Return, from the data below, each line that contains the word "mechanical".

== Material shown ==

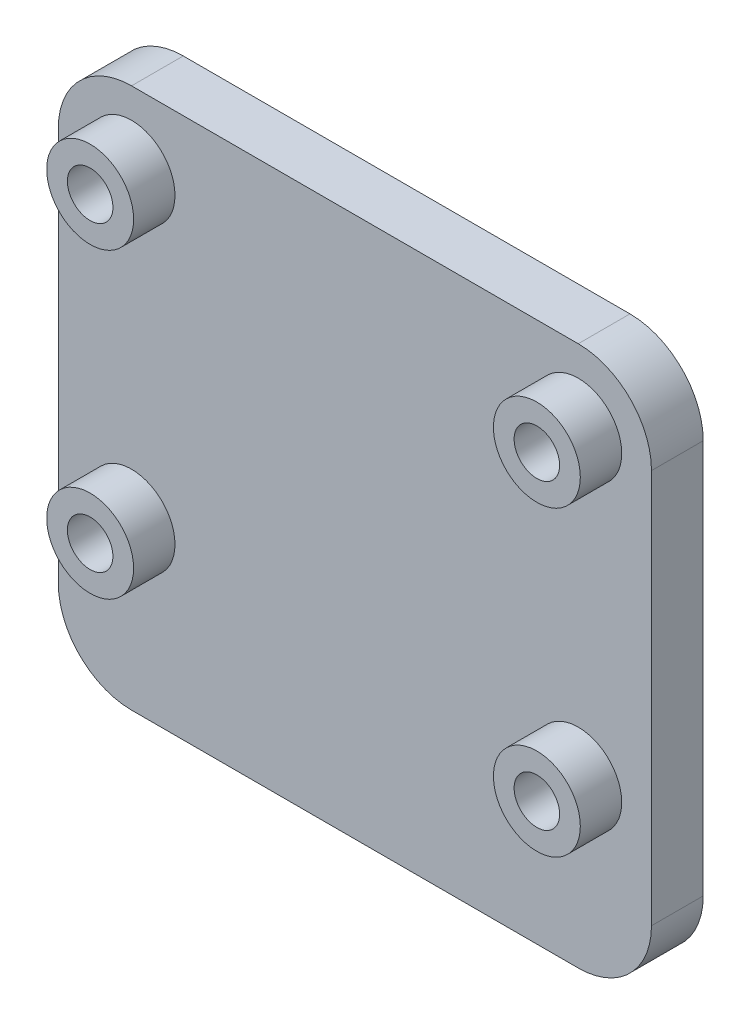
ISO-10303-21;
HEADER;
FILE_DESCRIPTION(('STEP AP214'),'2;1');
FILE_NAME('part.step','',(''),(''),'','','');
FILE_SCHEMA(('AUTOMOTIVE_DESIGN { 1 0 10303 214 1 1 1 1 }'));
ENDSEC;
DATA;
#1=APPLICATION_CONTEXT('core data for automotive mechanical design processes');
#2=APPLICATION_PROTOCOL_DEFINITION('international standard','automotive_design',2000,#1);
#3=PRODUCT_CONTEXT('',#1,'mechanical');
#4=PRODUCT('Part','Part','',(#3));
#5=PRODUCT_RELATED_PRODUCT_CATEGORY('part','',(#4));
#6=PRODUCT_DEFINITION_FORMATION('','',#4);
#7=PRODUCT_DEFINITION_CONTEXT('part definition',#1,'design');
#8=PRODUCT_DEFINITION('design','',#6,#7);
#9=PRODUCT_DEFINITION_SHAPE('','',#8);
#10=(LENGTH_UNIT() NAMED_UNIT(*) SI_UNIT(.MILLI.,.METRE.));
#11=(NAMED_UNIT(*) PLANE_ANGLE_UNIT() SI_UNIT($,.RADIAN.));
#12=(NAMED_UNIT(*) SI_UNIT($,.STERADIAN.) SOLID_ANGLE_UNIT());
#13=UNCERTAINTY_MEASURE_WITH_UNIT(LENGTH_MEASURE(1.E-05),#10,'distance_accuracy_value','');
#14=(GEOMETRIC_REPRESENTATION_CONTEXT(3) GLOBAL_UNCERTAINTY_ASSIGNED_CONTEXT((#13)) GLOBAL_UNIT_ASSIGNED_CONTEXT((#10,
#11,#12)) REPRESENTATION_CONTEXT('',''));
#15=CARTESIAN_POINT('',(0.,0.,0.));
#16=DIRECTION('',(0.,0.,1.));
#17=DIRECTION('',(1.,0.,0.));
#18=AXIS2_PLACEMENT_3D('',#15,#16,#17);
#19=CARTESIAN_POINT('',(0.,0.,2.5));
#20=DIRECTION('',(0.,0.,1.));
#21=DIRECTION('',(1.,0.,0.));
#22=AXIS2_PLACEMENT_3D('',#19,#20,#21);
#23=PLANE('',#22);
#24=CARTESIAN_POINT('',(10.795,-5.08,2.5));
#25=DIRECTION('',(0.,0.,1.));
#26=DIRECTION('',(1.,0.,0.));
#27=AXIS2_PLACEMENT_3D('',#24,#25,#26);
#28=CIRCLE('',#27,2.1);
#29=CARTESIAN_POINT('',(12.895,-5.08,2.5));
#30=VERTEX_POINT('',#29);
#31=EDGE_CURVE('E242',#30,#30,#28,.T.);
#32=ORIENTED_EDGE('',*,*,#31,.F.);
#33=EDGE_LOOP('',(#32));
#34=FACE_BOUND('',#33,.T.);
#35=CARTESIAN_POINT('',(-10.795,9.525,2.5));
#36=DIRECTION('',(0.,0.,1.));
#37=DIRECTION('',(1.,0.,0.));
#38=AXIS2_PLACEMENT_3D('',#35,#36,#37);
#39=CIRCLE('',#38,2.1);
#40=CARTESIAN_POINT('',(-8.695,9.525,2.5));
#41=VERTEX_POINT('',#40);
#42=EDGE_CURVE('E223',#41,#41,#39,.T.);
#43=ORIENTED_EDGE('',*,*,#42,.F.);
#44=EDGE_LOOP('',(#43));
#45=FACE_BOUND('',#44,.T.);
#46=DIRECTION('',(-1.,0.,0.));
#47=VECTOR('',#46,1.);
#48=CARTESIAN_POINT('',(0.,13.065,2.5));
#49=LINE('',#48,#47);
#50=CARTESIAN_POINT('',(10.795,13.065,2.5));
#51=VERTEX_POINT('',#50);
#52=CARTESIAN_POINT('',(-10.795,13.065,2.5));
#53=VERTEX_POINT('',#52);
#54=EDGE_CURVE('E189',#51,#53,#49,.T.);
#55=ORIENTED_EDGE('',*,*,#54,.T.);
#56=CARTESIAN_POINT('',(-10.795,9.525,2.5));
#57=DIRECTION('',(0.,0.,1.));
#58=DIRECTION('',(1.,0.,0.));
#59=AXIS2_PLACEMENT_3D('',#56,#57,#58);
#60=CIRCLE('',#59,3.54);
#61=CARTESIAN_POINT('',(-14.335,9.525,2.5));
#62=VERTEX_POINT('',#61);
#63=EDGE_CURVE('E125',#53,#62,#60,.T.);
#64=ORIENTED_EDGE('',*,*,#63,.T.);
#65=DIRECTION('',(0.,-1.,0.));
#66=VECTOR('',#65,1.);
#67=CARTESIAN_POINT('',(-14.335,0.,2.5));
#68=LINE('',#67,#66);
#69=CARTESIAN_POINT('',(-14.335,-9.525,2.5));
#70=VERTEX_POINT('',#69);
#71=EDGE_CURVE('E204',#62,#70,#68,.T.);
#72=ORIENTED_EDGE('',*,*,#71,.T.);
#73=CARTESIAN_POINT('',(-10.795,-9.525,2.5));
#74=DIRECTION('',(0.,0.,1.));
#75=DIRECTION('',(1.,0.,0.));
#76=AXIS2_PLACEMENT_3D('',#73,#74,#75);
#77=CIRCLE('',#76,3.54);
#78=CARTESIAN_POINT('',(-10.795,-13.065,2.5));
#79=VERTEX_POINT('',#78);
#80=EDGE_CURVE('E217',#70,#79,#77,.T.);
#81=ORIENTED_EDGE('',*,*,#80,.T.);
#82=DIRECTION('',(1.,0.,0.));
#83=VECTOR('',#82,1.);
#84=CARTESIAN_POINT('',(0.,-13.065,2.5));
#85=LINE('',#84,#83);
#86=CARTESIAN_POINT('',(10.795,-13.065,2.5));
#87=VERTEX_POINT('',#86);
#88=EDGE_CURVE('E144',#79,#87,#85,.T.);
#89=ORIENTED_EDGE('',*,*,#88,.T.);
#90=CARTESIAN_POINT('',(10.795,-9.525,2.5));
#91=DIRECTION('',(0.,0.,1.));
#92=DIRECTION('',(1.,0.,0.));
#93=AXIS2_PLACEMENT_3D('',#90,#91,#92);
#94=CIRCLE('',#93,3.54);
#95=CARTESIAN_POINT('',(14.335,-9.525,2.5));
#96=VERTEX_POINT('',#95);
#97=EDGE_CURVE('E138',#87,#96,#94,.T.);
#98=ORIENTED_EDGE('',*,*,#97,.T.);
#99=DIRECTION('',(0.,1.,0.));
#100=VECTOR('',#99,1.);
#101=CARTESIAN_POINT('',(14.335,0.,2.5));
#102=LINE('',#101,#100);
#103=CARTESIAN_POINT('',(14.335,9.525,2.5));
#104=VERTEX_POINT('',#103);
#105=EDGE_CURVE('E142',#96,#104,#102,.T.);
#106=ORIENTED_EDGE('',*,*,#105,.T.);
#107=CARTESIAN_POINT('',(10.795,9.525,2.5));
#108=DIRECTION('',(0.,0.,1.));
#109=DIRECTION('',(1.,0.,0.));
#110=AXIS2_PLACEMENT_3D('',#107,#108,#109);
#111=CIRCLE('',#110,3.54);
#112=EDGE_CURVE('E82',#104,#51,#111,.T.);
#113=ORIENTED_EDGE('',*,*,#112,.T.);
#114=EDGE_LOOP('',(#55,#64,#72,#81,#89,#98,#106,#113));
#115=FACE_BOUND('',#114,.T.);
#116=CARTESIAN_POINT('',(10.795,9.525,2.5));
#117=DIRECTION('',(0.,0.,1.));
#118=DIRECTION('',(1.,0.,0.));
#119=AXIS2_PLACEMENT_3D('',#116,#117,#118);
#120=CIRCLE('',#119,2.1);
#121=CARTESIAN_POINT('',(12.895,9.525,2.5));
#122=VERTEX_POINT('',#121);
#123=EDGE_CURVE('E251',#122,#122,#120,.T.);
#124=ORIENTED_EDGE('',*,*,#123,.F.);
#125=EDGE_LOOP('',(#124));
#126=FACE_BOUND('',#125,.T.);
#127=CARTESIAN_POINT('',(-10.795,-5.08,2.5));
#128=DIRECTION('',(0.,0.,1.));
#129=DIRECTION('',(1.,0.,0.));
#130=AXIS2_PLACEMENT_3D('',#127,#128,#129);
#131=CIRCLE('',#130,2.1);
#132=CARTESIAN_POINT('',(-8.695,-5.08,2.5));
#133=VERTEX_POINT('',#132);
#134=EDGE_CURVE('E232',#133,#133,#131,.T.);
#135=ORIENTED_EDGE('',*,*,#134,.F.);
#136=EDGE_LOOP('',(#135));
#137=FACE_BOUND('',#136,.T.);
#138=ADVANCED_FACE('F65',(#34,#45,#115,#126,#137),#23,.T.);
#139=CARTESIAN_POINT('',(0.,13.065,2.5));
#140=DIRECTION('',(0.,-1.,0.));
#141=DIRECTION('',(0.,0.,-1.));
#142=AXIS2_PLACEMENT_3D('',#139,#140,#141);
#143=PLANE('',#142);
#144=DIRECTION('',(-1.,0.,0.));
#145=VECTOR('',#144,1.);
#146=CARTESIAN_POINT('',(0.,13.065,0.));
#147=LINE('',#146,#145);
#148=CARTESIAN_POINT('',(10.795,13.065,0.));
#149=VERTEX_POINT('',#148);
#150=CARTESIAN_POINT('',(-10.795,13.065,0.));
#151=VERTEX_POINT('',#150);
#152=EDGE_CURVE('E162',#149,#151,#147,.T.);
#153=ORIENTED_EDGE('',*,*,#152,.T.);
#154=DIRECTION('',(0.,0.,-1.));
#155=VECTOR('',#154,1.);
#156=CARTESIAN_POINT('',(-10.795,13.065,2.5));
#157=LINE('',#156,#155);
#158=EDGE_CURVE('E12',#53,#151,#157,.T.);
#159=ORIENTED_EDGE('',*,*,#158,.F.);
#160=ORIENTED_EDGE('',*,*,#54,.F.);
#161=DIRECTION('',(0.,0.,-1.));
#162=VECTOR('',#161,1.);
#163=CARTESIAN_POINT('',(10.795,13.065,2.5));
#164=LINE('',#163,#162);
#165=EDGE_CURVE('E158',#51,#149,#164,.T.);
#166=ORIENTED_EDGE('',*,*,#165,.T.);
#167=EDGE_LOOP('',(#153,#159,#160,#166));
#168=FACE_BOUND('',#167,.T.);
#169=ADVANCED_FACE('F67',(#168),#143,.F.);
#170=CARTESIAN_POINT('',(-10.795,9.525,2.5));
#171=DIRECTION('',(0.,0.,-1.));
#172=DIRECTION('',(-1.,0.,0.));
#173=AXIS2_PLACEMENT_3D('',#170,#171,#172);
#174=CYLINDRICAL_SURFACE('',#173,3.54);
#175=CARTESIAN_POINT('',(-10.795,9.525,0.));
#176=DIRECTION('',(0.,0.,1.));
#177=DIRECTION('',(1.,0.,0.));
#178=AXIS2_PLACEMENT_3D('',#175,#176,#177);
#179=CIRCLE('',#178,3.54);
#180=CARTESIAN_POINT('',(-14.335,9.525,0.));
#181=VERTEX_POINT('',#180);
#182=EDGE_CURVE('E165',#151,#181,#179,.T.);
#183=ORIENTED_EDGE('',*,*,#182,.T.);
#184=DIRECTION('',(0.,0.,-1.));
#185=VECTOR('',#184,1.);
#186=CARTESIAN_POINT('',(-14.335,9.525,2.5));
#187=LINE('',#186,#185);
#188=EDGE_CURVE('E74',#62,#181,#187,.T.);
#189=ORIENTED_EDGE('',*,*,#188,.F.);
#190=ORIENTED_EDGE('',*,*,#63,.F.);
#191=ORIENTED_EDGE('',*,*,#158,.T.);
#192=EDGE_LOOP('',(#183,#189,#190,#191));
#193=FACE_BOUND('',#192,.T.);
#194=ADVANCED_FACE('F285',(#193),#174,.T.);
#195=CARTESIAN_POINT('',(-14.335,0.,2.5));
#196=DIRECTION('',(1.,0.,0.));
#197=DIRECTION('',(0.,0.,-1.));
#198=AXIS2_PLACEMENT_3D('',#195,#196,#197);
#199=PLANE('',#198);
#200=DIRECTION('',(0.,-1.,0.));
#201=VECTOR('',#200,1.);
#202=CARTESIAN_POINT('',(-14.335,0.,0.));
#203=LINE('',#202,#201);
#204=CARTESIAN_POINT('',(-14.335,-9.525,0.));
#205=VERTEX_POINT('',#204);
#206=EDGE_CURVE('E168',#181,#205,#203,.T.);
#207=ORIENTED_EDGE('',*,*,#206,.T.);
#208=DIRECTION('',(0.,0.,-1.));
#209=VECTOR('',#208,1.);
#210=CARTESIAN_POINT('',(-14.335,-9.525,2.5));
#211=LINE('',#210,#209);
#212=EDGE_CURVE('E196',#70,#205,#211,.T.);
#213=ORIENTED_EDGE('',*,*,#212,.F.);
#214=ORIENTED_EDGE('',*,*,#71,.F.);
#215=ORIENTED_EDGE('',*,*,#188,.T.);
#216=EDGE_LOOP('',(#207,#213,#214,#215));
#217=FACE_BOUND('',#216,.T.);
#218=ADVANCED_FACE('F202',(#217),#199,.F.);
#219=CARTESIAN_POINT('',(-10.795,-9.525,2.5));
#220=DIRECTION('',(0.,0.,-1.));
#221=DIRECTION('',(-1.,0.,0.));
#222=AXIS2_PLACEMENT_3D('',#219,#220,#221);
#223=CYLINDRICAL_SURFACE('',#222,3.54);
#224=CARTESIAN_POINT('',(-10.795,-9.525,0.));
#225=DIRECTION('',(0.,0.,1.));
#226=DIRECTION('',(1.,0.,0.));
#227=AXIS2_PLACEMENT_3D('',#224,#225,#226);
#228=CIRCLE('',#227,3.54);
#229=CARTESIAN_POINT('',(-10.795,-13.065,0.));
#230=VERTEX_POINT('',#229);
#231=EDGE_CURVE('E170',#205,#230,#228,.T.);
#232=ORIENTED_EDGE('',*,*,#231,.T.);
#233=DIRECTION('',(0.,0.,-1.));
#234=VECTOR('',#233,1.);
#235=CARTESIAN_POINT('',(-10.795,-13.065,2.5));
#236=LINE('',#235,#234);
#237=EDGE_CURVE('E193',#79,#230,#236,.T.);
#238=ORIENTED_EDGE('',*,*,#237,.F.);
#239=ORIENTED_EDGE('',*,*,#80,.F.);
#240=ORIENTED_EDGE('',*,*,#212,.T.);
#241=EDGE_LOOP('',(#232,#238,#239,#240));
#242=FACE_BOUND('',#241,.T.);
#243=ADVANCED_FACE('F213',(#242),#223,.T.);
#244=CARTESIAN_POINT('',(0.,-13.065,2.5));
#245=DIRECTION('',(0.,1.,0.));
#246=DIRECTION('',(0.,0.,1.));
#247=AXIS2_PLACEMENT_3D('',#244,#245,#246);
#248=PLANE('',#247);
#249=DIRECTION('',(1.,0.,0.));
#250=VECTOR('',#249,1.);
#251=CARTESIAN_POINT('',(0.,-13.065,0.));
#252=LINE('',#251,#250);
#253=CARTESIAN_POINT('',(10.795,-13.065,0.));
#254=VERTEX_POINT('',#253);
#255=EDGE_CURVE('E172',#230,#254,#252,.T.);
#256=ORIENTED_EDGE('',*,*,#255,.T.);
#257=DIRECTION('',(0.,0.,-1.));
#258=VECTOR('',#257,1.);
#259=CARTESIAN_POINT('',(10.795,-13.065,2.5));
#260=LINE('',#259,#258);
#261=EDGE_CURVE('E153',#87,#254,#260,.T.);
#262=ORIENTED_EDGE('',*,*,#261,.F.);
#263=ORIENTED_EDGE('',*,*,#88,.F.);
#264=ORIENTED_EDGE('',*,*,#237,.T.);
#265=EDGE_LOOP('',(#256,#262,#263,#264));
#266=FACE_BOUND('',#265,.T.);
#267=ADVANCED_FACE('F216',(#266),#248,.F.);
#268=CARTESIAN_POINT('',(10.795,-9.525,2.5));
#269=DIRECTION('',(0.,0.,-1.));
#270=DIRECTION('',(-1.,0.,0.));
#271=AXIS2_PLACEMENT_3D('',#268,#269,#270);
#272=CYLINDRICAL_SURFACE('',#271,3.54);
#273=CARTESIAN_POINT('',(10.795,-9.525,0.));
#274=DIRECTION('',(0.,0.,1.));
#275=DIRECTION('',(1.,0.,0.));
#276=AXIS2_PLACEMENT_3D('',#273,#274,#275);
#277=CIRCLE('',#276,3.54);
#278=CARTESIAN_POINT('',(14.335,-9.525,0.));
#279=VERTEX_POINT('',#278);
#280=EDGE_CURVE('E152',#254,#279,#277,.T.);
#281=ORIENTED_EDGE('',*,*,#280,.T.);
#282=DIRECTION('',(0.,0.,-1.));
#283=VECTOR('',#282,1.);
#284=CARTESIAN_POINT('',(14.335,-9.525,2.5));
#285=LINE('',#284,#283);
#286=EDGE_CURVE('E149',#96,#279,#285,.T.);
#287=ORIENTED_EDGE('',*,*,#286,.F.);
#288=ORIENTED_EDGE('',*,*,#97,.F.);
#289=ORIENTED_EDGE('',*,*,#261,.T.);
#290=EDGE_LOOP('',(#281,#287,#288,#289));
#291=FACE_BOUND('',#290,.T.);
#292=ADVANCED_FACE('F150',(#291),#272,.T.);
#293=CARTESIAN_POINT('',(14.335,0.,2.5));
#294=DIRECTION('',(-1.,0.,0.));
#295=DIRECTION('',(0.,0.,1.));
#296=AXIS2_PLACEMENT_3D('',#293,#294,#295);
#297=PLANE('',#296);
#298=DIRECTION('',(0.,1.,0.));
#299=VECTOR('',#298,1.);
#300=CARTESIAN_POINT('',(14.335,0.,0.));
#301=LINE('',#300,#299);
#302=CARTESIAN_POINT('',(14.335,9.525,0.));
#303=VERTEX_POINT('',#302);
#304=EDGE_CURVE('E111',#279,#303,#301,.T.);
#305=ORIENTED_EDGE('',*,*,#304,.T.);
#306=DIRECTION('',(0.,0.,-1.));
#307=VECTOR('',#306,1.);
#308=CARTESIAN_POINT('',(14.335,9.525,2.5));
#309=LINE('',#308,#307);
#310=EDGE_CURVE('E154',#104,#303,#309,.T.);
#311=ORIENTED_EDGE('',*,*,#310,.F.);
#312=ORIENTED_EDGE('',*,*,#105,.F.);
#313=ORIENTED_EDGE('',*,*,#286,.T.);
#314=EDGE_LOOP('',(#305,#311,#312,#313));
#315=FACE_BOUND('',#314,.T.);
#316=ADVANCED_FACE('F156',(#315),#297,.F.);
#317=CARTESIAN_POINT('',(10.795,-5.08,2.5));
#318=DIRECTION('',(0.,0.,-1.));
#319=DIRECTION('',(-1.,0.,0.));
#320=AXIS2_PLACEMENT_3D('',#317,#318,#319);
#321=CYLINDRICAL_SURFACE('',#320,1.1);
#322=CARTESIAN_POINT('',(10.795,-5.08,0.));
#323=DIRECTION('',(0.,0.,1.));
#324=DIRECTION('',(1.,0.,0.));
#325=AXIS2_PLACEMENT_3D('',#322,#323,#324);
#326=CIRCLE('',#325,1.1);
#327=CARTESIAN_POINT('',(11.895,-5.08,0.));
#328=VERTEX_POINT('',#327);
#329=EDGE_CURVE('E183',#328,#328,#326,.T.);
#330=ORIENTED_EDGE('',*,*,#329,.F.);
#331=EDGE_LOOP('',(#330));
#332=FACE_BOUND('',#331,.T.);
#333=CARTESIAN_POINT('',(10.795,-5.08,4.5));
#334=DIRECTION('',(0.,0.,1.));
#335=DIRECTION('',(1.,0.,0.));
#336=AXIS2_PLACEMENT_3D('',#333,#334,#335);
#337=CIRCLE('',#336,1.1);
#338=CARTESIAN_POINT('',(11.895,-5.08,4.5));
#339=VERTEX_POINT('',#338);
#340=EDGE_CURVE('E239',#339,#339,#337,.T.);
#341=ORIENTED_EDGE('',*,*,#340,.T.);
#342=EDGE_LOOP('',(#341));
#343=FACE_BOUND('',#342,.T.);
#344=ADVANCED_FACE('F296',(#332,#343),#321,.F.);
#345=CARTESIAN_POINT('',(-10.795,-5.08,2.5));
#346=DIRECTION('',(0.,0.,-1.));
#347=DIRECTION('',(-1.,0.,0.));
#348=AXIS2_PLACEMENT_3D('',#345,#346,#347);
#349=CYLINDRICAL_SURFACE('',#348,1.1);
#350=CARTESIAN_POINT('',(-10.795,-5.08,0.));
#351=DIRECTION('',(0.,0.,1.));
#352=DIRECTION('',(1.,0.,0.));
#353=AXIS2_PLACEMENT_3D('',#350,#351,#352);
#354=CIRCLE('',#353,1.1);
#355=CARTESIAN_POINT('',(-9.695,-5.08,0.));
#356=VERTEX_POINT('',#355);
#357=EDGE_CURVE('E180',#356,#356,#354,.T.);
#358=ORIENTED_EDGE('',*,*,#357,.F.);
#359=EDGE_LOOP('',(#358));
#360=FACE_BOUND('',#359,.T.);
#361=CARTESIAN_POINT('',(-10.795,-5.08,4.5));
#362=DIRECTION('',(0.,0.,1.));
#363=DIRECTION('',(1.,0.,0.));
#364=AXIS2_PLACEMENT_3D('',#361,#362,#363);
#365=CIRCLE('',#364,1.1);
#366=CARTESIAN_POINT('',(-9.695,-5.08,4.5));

===

▶ _Reply to the exercise_
#1=APPLICATION_CONTEXT('core data for automotive mechanical design processes');
#3=PRODUCT_CONTEXT('',#1,'mechanical');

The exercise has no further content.